# Records for the exercise:
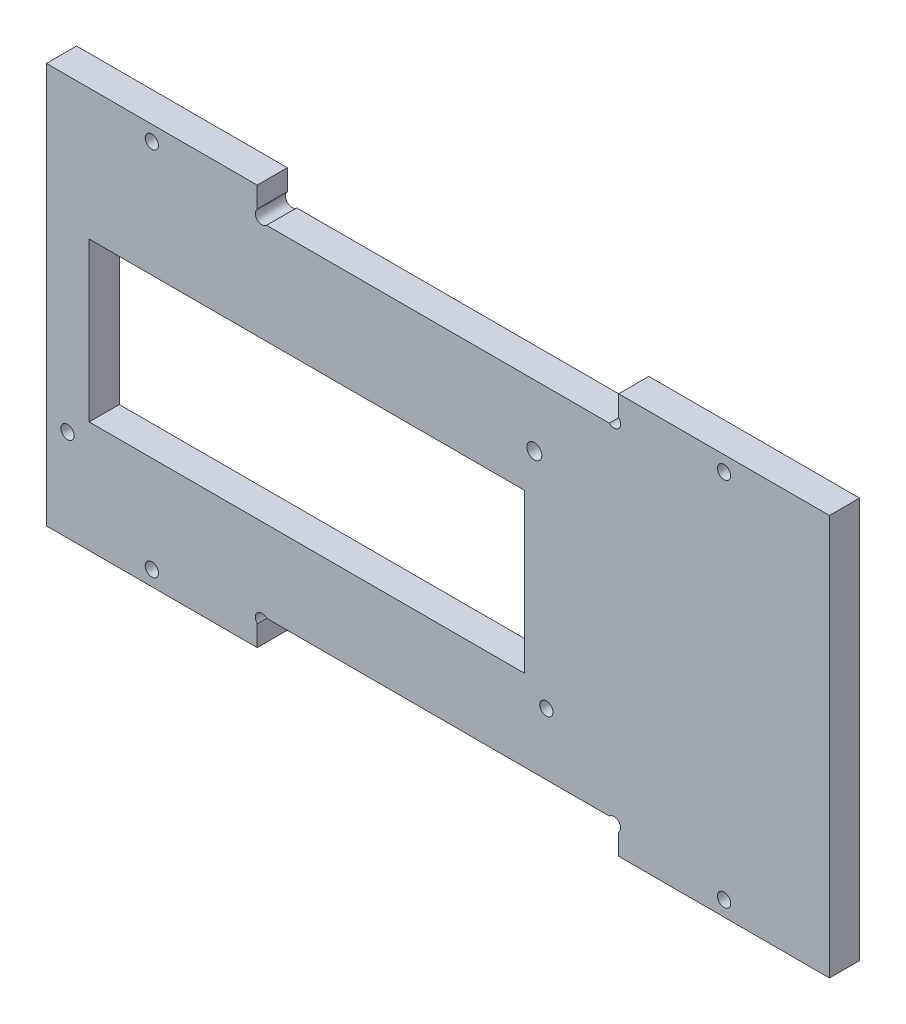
ISO-10303-21;
HEADER;
FILE_DESCRIPTION(('STEP AP214'),'2;1');
FILE_NAME('part.step','',(''),(''),'','','');
FILE_SCHEMA(('AUTOMOTIVE_DESIGN { 1 0 10303 214 1 1 1 1 }'));
ENDSEC;
DATA;
#1=APPLICATION_CONTEXT('core data for automotive mechanical design processes');
#2=APPLICATION_PROTOCOL_DEFINITION('international standard','automotive_design',2000,#1);
#3=PRODUCT_CONTEXT('',#1,'mechanical');
#4=PRODUCT('Part','Part','',(#3));
#5=PRODUCT_RELATED_PRODUCT_CATEGORY('part','',(#4));
#6=PRODUCT_DEFINITION_FORMATION('','',#4);
#7=PRODUCT_DEFINITION_CONTEXT('part definition',#1,'design');
#8=PRODUCT_DEFINITION('design','',#6,#7);
#9=PRODUCT_DEFINITION_SHAPE('','',#8);
#10=(LENGTH_UNIT() NAMED_UNIT(*) SI_UNIT(.MILLI.,.METRE.));
#11=(NAMED_UNIT(*) PLANE_ANGLE_UNIT() SI_UNIT($,.RADIAN.));
#12=(NAMED_UNIT(*) SI_UNIT($,.STERADIAN.) SOLID_ANGLE_UNIT());
#13=UNCERTAINTY_MEASURE_WITH_UNIT(LENGTH_MEASURE(1.E-05),#10,'distance_accuracy_value','');
#14=(GEOMETRIC_REPRESENTATION_CONTEXT(3) GLOBAL_UNCERTAINTY_ASSIGNED_CONTEXT((#13)) GLOBAL_UNIT_ASSIGNED_CONTEXT((#10,
#11,#12)) REPRESENTATION_CONTEXT('',''));
#15=CARTESIAN_POINT('',(0.,0.,0.));
#16=DIRECTION('',(0.,0.,1.));
#17=DIRECTION('',(1.,0.,0.));
#18=AXIS2_PLACEMENT_3D('',#15,#16,#17);
#19=CARTESIAN_POINT('',(0.,66.5,5.));
#20=DIRECTION('',(0.,0.,-1.));
#21=DIRECTION('',(-1.,0.,0.));
#22=AXIS2_PLACEMENT_3D('',#19,#20,#21);
#23=PLANE('',#22);
#24=CARTESIAN_POINT('',(112.5,2.5,5.));
#25=DIRECTION('',(0.,0.,-1.));
#26=DIRECTION('',(-1.,0.,0.));
#27=AXIS2_PLACEMENT_3D('',#24,#25,#26);
#28=CIRCLE('',#27,1.1);
#29=CARTESIAN_POINT('',(111.4,2.5,5.));
#30=VERTEX_POINT('',#29);
#31=EDGE_CURVE('E242',#30,#30,#28,.T.);
#32=ORIENTED_EDGE('',*,*,#31,.T.);
#33=EDGE_LOOP('',(#32));
#34=FACE_BOUND('',#33,.T.);
#35=CARTESIAN_POINT('',(17.5,2.5,5.));
#36=DIRECTION('',(0.,0.,1.));
#37=DIRECTION('',(1.,0.,0.));
#38=AXIS2_PLACEMENT_3D('',#35,#36,#37);
#39=CIRCLE('',#38,1.1);
#40=CARTESIAN_POINT('',(18.6,2.5,5.));
#41=VERTEX_POINT('',#40);
#42=EDGE_CURVE('E251',#41,#41,#39,.T.);
#43=ORIENTED_EDGE('',*,*,#42,.F.);
#44=EDGE_LOOP('',(#43));
#45=FACE_BOUND('',#44,.T.);
#46=DIRECTION('',(-1.,0.,0.));
#47=VECTOR('',#46,1.);
#48=CARTESIAN_POINT('',(79.4,44.8,5.));
#49=LINE('',#48,#47);
#50=CARTESIAN_POINT('',(79.4,44.8,5.));
#51=VERTEX_POINT('',#50);
#52=CARTESIAN_POINT('',(7.09999999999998,44.8,5.));
#53=VERTEX_POINT('',#52);
#54=EDGE_CURVE('E344',#51,#53,#49,.T.);
#55=ORIENTED_EDGE('',*,*,#54,.F.);
#56=DIRECTION('',(0.,1.,0.));
#57=VECTOR('',#56,1.);
#58=CARTESIAN_POINT('',(79.4,18.5,5.));
#59=LINE('',#58,#57);
#60=CARTESIAN_POINT('',(79.4,18.5,5.));
#61=VERTEX_POINT('',#60);
#62=EDGE_CURVE('E342',#61,#51,#59,.T.);
#63=ORIENTED_EDGE('',*,*,#62,.F.);
#64=DIRECTION('',(1.,0.,0.));
#65=VECTOR('',#64,1.);
#66=CARTESIAN_POINT('',(79.4,18.5,5.));
#67=LINE('',#66,#65);
#68=CARTESIAN_POINT('',(7.09999999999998,18.5,5.));
#69=VERTEX_POINT('',#68);
#70=EDGE_CURVE('E350',#69,#61,#67,.T.);
#71=ORIENTED_EDGE('',*,*,#70,.F.);
#72=DIRECTION('',(0.,-1.,0.));
#73=VECTOR('',#72,1.);
#74=CARTESIAN_POINT('',(7.09999999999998,18.5,5.));
#75=LINE('',#74,#73);
#76=EDGE_CURVE('E347',#53,#69,#75,.T.);
#77=ORIENTED_EDGE('',*,*,#76,.F.);
#78=EDGE_LOOP('',(#55,#63,#71,#77));
#79=FACE_BOUND('',#78,.T.);
#80=CARTESIAN_POINT('',(3.5,15.25,5.));
#81=DIRECTION('',(0.,0.,1.));
#82=DIRECTION('',(1.,0.,0.));
#83=AXIS2_PLACEMENT_3D('',#80,#81,#82);
#84=CIRCLE('',#83,1.1);
#85=CARTESIAN_POINT('',(4.6,15.25,5.));
#86=VERTEX_POINT('',#85);
#87=EDGE_CURVE('E366',#86,#86,#84,.T.);
#88=ORIENTED_EDGE('',*,*,#87,.F.);
#89=EDGE_LOOP('',(#88));
#90=FACE_BOUND('',#89,.T.);
#91=CARTESIAN_POINT('',(83.,15.25,5.));
#92=DIRECTION('',(0.,0.,1.));
#93=DIRECTION('',(1.,0.,0.));
#94=AXIS2_PLACEMENT_3D('',#91,#92,#93);
#95=CIRCLE('',#94,1.10000000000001);
#96=CARTESIAN_POINT('',(84.1,15.25,5.));
#97=VERTEX_POINT('',#96);
#98=EDGE_CURVE('E372',#97,#97,#95,.T.);
#99=ORIENTED_EDGE('',*,*,#98,.F.);
#100=EDGE_LOOP('',(#99));
#101=FACE_BOUND('',#100,.T.);
#102=CARTESIAN_POINT('',(81.,51.25,5.));
#103=DIRECTION('',(0.,0.,1.));
#104=DIRECTION('',(1.,0.,0.));
#105=AXIS2_PLACEMENT_3D('',#102,#103,#104);
#106=CIRCLE('',#105,1.25);
#107=CARTESIAN_POINT('',(82.25,51.25,5.));
#108=VERTEX_POINT('',#107);
#109=EDGE_CURVE('E378',#108,#108,#106,.T.);
#110=ORIENTED_EDGE('',*,*,#109,.F.);
#111=EDGE_LOOP('',(#110));
#112=FACE_BOUND('',#111,.T.);
#113=DIRECTION('',(0.,1.,0.));
#114=VECTOR('',#113,1.);
#115=CARTESIAN_POINT('',(95.,66.5,5.));
#116=LINE('',#115,#114);
#117=CARTESIAN_POINT('',(95.,63.0556349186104,5.));
#118=VERTEX_POINT('',#117);
#119=CARTESIAN_POINT('',(95.,66.5,5.));
#120=VERTEX_POINT('',#119);
#121=EDGE_CURVE('E300',#118,#120,#116,.T.);
#122=ORIENTED_EDGE('',*,*,#121,.F.);
#123=CARTESIAN_POINT('',(94.2221825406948,62.2778174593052,5.));
#124=DIRECTION('',(0.,0.,1.));
#125=DIRECTION('',(1.,0.,0.));
#126=AXIS2_PLACEMENT_3D('',#123,#124,#125);
#127=CIRCLE('',#126,1.10000000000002);
#128=CARTESIAN_POINT('',(93.4443650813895,61.5,5.));
#129=VERTEX_POINT('',#128);
#130=EDGE_CURVE('E271',#129,#118,#127,.T.);
#131=ORIENTED_EDGE('',*,*,#130,.F.);
#132=DIRECTION('',(1.,0.,0.));
#133=VECTOR('',#132,1.);
#134=CARTESIAN_POINT('',(95.,61.5,5.));
#135=LINE('',#134,#133);
#136=CARTESIAN_POINT('',(36.5556349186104,61.5,5.));
#137=VERTEX_POINT('',#136);
#138=EDGE_CURVE('E305',#137,#129,#135,.T.);
#139=ORIENTED_EDGE('',*,*,#138,.F.);
#140=CARTESIAN_POINT('',(35.7778174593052,62.2778174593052,5.));
#141=DIRECTION('',(0.,0.,1.));
#142=DIRECTION('',(1.,0.,0.));
#143=AXIS2_PLACEMENT_3D('',#140,#141,#142);
#144=CIRCLE('',#143,1.1);
#145=CARTESIAN_POINT('',(35.,63.0556349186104,5.));
#146=VERTEX_POINT('',#145);
#147=EDGE_CURVE('E277',#146,#137,#144,.T.);
#148=ORIENTED_EDGE('',*,*,#147,.F.);
#149=DIRECTION('',(0.,-1.,0.));
#150=VECTOR('',#149,1.);
#151=CARTESIAN_POINT('',(35.,66.5,5.));
#152=LINE('',#151,#150);
#153=CARTESIAN_POINT('',(35.,66.5,5.));
#154=VERTEX_POINT('',#153);
#155=EDGE_CURVE('E302',#154,#146,#152,.T.);
#156=ORIENTED_EDGE('',*,*,#155,.F.);
#157=DIRECTION('',(-1.,0.,0.));
#158=VECTOR('',#157,1.);
#159=CARTESIAN_POINT('',(0.,66.5,5.));
#160=LINE('',#159,#158);
#161=CARTESIAN_POINT('',(0.,66.5,5.));
#162=VERTEX_POINT('',#161);
#163=EDGE_CURVE('E394',#154,#162,#160,.T.);
#164=ORIENTED_EDGE('',*,*,#163,.T.);
#165=DIRECTION('',(0.,-1.,0.));
#166=VECTOR('',#165,1.);
#167=CARTESIAN_POINT('',(0.,0.,5.));
#168=LINE('',#167,#166);
#169=CARTESIAN_POINT('',(0.,0.,5.));
#170=VERTEX_POINT('',#169);
#171=EDGE_CURVE('E384',#162,#170,#168,.T.);
#172=ORIENTED_EDGE('',*,*,#171,.T.);
#173=DIRECTION('',(1.,0.,0.));
#174=VECTOR('',#173,1.);
#175=CARTESIAN_POINT('',(0.,0.,5.));
#176=LINE('',#175,#174);
#177=CARTESIAN_POINT('',(35.,0.,5.));
#178=VERTEX_POINT('',#177);
#179=EDGE_CURVE('E389',#170,#178,#176,.T.);
#180=ORIENTED_EDGE('',*,*,#179,.T.);
#181=DIRECTION('',(0.,-1.,0.));
#182=VECTOR('',#181,1.);
#183=CARTESIAN_POINT('',(35.,0.,5.));
#184=LINE('',#183,#182);
#185=CARTESIAN_POINT('',(35.,3.4443650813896,5.));
#186=VERTEX_POINT('',#185);
#187=EDGE_CURVE('E323',#186,#178,#184,.T.);
#188=ORIENTED_EDGE('',*,*,#187,.F.);
#189=CARTESIAN_POINT('',(35.7778174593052,4.2221825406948,5.));
#190=DIRECTION('',(0.,0.,1.));
#191=DIRECTION('',(1.,0.,0.));
#192=AXIS2_PLACEMENT_3D('',#189,#190,#191);
#193=CIRCLE('',#192,1.1);
#194=CARTESIAN_POINT('',(36.5556349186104,4.99999999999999,5.));
#195=VERTEX_POINT('',#194);
#196=EDGE_CURVE('E283',#195,#186,#193,.T.);
#197=ORIENTED_EDGE('',*,*,#196,.F.);
#198=DIRECTION('',(-1.,0.,0.));
#199=VECTOR('',#198,1.);
#200=CARTESIAN_POINT('',(95.,5.,5.));
#201=LINE('',#200,#199);
#202=CARTESIAN_POINT('',(93.4443650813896,5.,5.));
#203=VERTEX_POINT('',#202);
#204=EDGE_CURVE('E320',#203,#195,#201,.T.);
#205=ORIENTED_EDGE('',*,*,#204,.F.);
#206=CARTESIAN_POINT('',(94.2221825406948,4.2221825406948,5.));
#207=DIRECTION('',(0.,0.,1.));
#208=DIRECTION('',(1.,0.,0.));
#209=AXIS2_PLACEMENT_3D('',#206,#207,#208);
#210=CIRCLE('',#209,1.10000000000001);
#211=CARTESIAN_POINT('',(95.,3.44436508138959,5.));
#212=VERTEX_POINT('',#211);
#213=EDGE_CURVE('E289',#212,#203,#210,.T.);
#214=ORIENTED_EDGE('',*,*,#213,.F.);
#215=DIRECTION('',(0.,1.,0.));
#216=VECTOR('',#215,1.);
#217=CARTESIAN_POINT('',(95.,0.,5.));
#218=LINE('',#217,#216);
#219=CARTESIAN_POINT('',(95.,0.,5.));
#220=VERTEX_POINT('',#219);
#221=EDGE_CURVE('E317',#220,#212,#218,.T.);
#222=ORIENTED_EDGE('',*,*,#221,.F.);
#223=CARTESIAN_POINT('',(130.,0.,5.));
#224=VERTEX_POINT('',#223);
#225=EDGE_CURVE('E387',#220,#224,#176,.T.);
#226=ORIENTED_EDGE('',*,*,#225,.T.);
#227=DIRECTION('',(0.,1.,0.));
#228=VECTOR('',#227,1.);
#229=CARTESIAN_POINT('',(130.,0.,5.));
#230=LINE('',#229,#228);
#231=CARTESIAN_POINT('',(130.,66.5,5.));
#232=VERTEX_POINT('',#231);
#233=EDGE_CURVE('E392',#224,#232,#230,.T.);
#234=ORIENTED_EDGE('',*,*,#233,.T.);
#235=EDGE_CURVE('E395',#232,#120,#160,.T.);
#236=ORIENTED_EDGE('',*,*,#235,.T.);
#237=EDGE_LOOP('',(#122,#131,#139,#148,#156,#164,#172,#180,#188,#197,#205,#214,#222,#226,#234,#236));
#238=FACE_BOUND('',#237,.T.);
#239=CARTESIAN_POINT('',(112.5,64.,5.));
#240=DIRECTION('',(0.,0.,1.));
#241=DIRECTION('',(-1.,0.,0.));
#242=AXIS2_PLACEMENT_3D('',#239,#240,#241);
#243=CIRCLE('',#242,1.1);
#244=CARTESIAN_POINT('',(111.4,64.,5.));
#245=VERTEX_POINT('',#244);
#246=EDGE_CURVE('E239',#245,#245,#243,.T.);
#247=ORIENTED_EDGE('',*,*,#246,.F.);
#248=EDGE_LOOP('',(#247));
#249=FACE_BOUND('',#248,.T.);
#250=CARTESIAN_POINT('',(17.5,64.,5.));
#251=DIRECTION('',(0.,0.,-1.));
#252=DIRECTION('',(1.,0.,0.));
#253=AXIS2_PLACEMENT_3D('',#250,#251,#252);
#254=CIRCLE('',#253,1.1);
#255=CARTESIAN_POINT('',(18.6,64.,5.));
#256=VERTEX_POINT('',#255);
#257=EDGE_CURVE('E229',#256,#256,#254,.T.);
#258=ORIENTED_EDGE('',*,*,#257,.T.);
#259=EDGE_LOOP('',(#258));
#260=FACE_BOUND('',#259,.T.);
#261=ADVANCED_FACE('F33',(#34,#45,#79,#90,#101,#112,#238,#249,#260),#23,.F.);
#262=CARTESIAN_POINT('',(0.,66.5,0.));
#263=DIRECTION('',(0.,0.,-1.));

# About this task:
Copy exactly the stretch of data above from the line with "#193=CIRCLE('',#192,1.1);" through the line with "#255=CARTESIAN_POINT('',(18.6,64.,5.));", and omit all other lines.

# Exercise solution:
#193=CIRCLE('',#192,1.1);
#194=CARTESIAN_POINT('',(36.5556349186104,4.99999999999999,5.));
#195=VERTEX_POINT('',#194);
#196=EDGE_CURVE('E283',#195,#186,#193,.T.);
#197=ORIENTED_EDGE('',*,*,#196,.F.);
#198=DIRECTION('',(-1.,0.,0.));
#199=VECTOR('',#198,1.);
#200=CARTESIAN_POINT('',(95.,5.,5.));
#201=LINE('',#200,#199);
#202=CARTESIAN_POINT('',(93.4443650813896,5.,5.));
#203=VERTEX_POINT('',#202);
#204=EDGE_CURVE('E320',#203,#195,#201,.T.);
#205=ORIENTED_EDGE('',*,*,#204,.F.);
#206=CARTESIAN_POINT('',(94.2221825406948,4.2221825406948,5.));
#207=DIRECTION('',(0.,0.,1.));
#208=DIRECTION('',(1.,0.,0.));
#209=AXIS2_PLACEMENT_3D('',#206,#207,#208);
#210=CIRCLE('',#209,1.10000000000001);
#211=CARTESIAN_POINT('',(95.,3.44436508138959,5.));
#212=VERTEX_POINT('',#211);
#213=EDGE_CURVE('E289',#212,#203,#210,.T.);
#214=ORIENTED_EDGE('',*,*,#213,.F.);
#215=DIRECTION('',(0.,1.,0.));
#216=VECTOR('',#215,1.);
#217=CARTESIAN_POINT('',(95.,0.,5.));
#218=LINE('',#217,#216);
#219=CARTESIAN_POINT('',(95.,0.,5.));
#220=VERTEX_POINT('',#219);
#221=EDGE_CURVE('E317',#220,#212,#218,.T.);
#222=ORIENTED_EDGE('',*,*,#221,.F.);
#223=CARTESIAN_POINT('',(130.,0.,5.));
#224=VERTEX_POINT('',#223);
#225=EDGE_CURVE('E387',#220,#224,#176,.T.);
#226=ORIENTED_EDGE('',*,*,#225,.T.);
#227=DIRECTION('',(0.,1.,0.));
#228=VECTOR('',#227,1.);
#229=CARTESIAN_POINT('',(130.,0.,5.));
#230=LINE('',#229,#228);
#231=CARTESIAN_POINT('',(130.,66.5,5.));
#232=VERTEX_POINT('',#231);
#233=EDGE_CURVE('E392',#224,#232,#230,.T.);
#234=ORIENTED_EDGE('',*,*,#233,.T.);
#235=EDGE_CURVE('E395',#232,#120,#160,.T.);
#236=ORIENTED_EDGE('',*,*,#235,.T.);
#237=EDGE_LOOP('',(#122,#131,#139,#148,#156,#164,#172,#180,#188,#197,#205,#214,#222,#226,#234,#236));
#238=FACE_BOUND('',#237,.T.);
#239=CARTESIAN_POINT('',(112.5,64.,5.));
#240=DIRECTION('',(0.,0.,1.));
#241=DIRECTION('',(-1.,0.,0.));
#242=AXIS2_PLACEMENT_3D('',#239,#240,#241);
#243=CIRCLE('',#242,1.1);
#244=CARTESIAN_POINT('',(111.4,64.,5.));
#245=VERTEX_POINT('',#244);
#246=EDGE_CURVE('E239',#245,#245,#243,.T.);
#247=ORIENTED_EDGE('',*,*,#246,.F.);
#248=EDGE_LOOP('',(#247));
#249=FACE_BOUND('',#248,.T.);
#250=CARTESIAN_POINT('',(17.5,64.,5.));
#251=DIRECTION('',(0.,0.,-1.));
#252=DIRECTION('',(1.,0.,0.));
#253=AXIS2_PLACEMENT_3D('',#250,#251,#252);
#254=CIRCLE('',#253,1.1);
#255=CARTESIAN_POINT('',(18.6,64.,5.));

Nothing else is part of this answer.